Estimation of rain kinetic energy from radar reflectivity and/or rain rate based on a scaling formulation of the raindrop size distribution

Abstract

This study offers an approach to estimate the rainfall kinetic energy (KE) by rain intensity (R) and radar reflectivity factor (Z) separately or jointly on the basis of a one‐ or two‐moment scaled raindrop size distribution (DSD) formulation, which contains (1) R and/or Z observations and (2) the dimensionless probability density function (pdf) of a scaled raindrop diameter. The key point is to explain all variability of the DSD by the evolution of the explaining moments (R and Z); hence the pdf is considered as constant. A robust method is proposed to estimate the climatological values of the parameters with a 28 month DSD data set collected in the Cévennes‐Vivarais region of France. Three relationships (KE‐R, KE‐Z, and KE‐RZ), which link the observations (R and/or Z) to rainfall kinetic energy (KE), are established. As expected, the assessment using the disdrometer data indicates that (1) because of the proximity of the moment orders, the KE‐Z relationship exhibits less variability than the KE‐R relationship and (2) the combination of R and Z yields a significant improvement of the estimation of KE compared to the single‐moment formulations.
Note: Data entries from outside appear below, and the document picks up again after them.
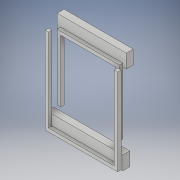
# Autodesk Inventor part: Foldedcapballliftholders
Saved by Autodesk Inventor 2017 (Build 210142000, 142)
## iProperties
Created: 2017-05-27
Part Number: Foldedcapballliftholders
Material: Generic
Document SubType Name: Modeling
Designer: User
Density: 1 g/cm^3
Appearance: Default
Author: User
Autodesk Inventor part; units mm, degrees
ref_plane "YZ Plane" through (0, 0, 0) normal (1, 0, 0) x (0, 1, 0)
ref_plane "XZ Plane" through (0, 0, 0) normal (0, 1, 0) x (-1, 0, 0)
ref_plane "XY Plane" through (0, 0, 0) normal (0, 0, 1) x (1, 0, 0)
sketch "Sketch1" plane through (0, 0, 0) normal (0, 0, 1) x (1, 0, 0)
  line L0 (0, 0) -> (254, 0)
  line L1 (254, 0) -> (254, 50.8)
  line L2 (254, 50.8) -> (0, 50.8)
  line L3 (0, 50.8) -> (0, 0)
  dimension "d0" = 254
  dimension "d1" = 50.8
  constraints: 8 end point, 2 parallel, 1 horizontal, 1 perpendicular
  measures "d0" distance of L2.end L1.end
  measures "d1" distance between parallel lines of L0 L2
extrude "Extrusion1" add sketch "Sketch1" along normal blind 25.4
sketch "Sketch2" plane through (0, 0, 25.4) normal (0, 0, 1) x (1, 0, 0)
  line L0 (0, 0) -> (254, 0) projected
  line L1 (0, 50.8) -> (0, 0) projected
  line L2 (0, -254) -> (254, -254)
  line L3 (254, -254) -> (254, -304.8)
  line L4 (254, -304.8) -> (0, -304.8)
  line L5 (0, -304.8) -> (0, -254)
  dimension "d4" = 254
  dimension "d5" = 0
  dimension "d6" = 50.8
  constraints: 8 end point, 2 parallel, 1 horizontal, 1 perpendicular
  measures "d4" distance from line of L0 L2.start
  measures "d5" distance from line of L2.start L1
  measures "d6" distance of L2.end L3.end
extrude "Extrusion2" add sketch "Sketch2" along normal blind 25.4
sketch "Sketch3" plane through (0, 0, 25.4) normal (0, 0, 1) x (1, 0, 0)
  line L0 (0, 0) -> (254, 0) projected
  line L1 (12.7, 0) -> (241.3, 0)
  line L2 (241.3, 0) -> (241.3, 12.7)
  line L3 (241.3, 12.7) -> (12.7, 12.7)
  line L4 (12.7, 12.7) -> (12.7, 0)
  dimension "d9" = 12.7
  constraints: 8 end point, 2 parallel, 1 horizontal, 1 perpendicular, 1 point on line
  measures "d9" distance of L2.end L1.end
extrude "Extrusion3" add sketch "Sketch3" along normal blind 12.7
thicken "Thicken1" operation add thickness 12.7 both sides no extend neighbours yes toward (1, 0, 0) faces at (254, -270.9333, 33.8667)
thicken "Thicken2" operation add thickness 12.7 both sides no extend neighbours yes toward (-1, 0, 0) faces at (0, -287.8667, 33.8667)
sketch "Sketch4" plane through (0, 0, 50.8) normal (0, 0, 1) x (1, 0, 0)
  point P0 (0, 0)
sketch "Sketch5" plane through (0, 0, 50.8) normal (0, 0, 1) x (1, 0, 0)
  point P0 (0, 0)
sketch "Sketch6" plane through (0, 0, 50.8) normal (0, 0, 1) x (1, 0, 0)
  point P0 (0, 0)
sketch "Sketch7" plane through (0, 0, 50.8) normal (0, 0, 1) x (1, 0, 0)
  line L0 (-12.7, -304.8) -> (266.7, -304.8) projected
  line L1 (-6.35, -304.8) -> (260.35, -304.8)
  line L2 (260.35, -304.8) -> (260.35, -292.1)
  line L3 (260.35, -292.1) -> (-6.35, -292.1)
  line L4 (-6.35, -292.1) -> (-6.35, -304.8)
  point P0 (0, 0)
  dimension "d16" = 12.7
  constraints: 8 end point, 2 parallel, 2 point on line, 1 horizontal, 1 perpendicular
  measures "d16" distance of L2.end L1.end
extrude "Extrusion4" add sketch "Sketch7" along normal blind 12.7
sketch "Sketch8" plane through (-6.35, -292.1, 50.8) normal (0, 1, 0) x (1, 0, 0)
  line L0 (0, 0) -> (0, -12.7) projected
  line L1 (0, 0) -> (266.7, 0) projected
  line L2 (0, -12.7) -> (12.7, -12.7)
  line L3 (12.7, -12.7) -> (12.7, 0)
  line L4 (12.7, 0) -> (0, 0)
  line L5 (0, 0) -> (0, -12.7)
  line L6 (266.7, 0) -> (266.7, -12.7) projected
  line L7 (266.7, -12.7) -> (254, -12.7)
  line L8 (254, -12.7) -> (254, 0)
  line L9 (254, 0) -> (266.7, 0)
  line L10 (266.7, 0) -> (266.7, -12.7)
  point P0 (6.35, 50.8)
  dimension "d19" = 12.7
  dimension "d20" = 12.7
  constraints: 16 end point, 4 parallel, 2 horizontal, 2 perpendicular, 2 point on line
  measures "d19" distance of L4.end L3.end
  measures "d20" distance of L8.end L9.end
extrude "Extrusion5" add sketch "Sketch8" along normal blind 304.8
sketch "Sketch9" plane through (0, 0, 0) normal (0, -1, 0) x (1, 0, 0)
  line L0 (0, 25.4) -> (12.7, 25.4) projected
  line L1 (241.3, 38.1) -> (12.7, 38.1) projected
  line L2 (12.7, 25.4) -> (25.4, 25.4)
  line L3 (25.4, 25.4) -> (25.4, 38.1)
  line L4 (25.4, 38.1) -> (12.7, 38.1)
  line L5 (12.7, 38.1) -> (12.7, 25.4)
  line L6 (241.3, 25.4) -> (241.3, 38.1) projected
  line L7 (241.3, 38.1) -> (228.6, 38.1)
  line L8 (228.6, 38.1) -> (228.6, 25.4)
  line L9 (228.6, 25.4) -> (241.3, 25.4)
  line L10 (241.3, 25.4) -> (241.3, 38.1)
  point P0 (0, 0)
  dimension "d23" = 12.7
  dimension "d24" = 12.7
  dimension "d25" = 12.7
  constraints: 16 end point, 4 parallel, 2 horizontal, 2 perpendicular, 1 point on line
  measures "d23" distance of L4.end L3.end
  measures "d24" distance of L9.end L8.end
  measures "d25" distance of L8.end L7.end
extrude "Extrusion6" add sketch "Sketch9" along normal blind 228.6
body "Solid1"

Subsequently, a first attempt to spatialize the kinetic energy using radar and rain gauge measurements is presented for a convective event, showing a promising potential for erosion process studies. Different from the application with the disdrometer data, the performance of the KE‐Z relationship degrades compared to the KE‐R relationship as a result of a bias and/or the sampling characteristics of the radar data.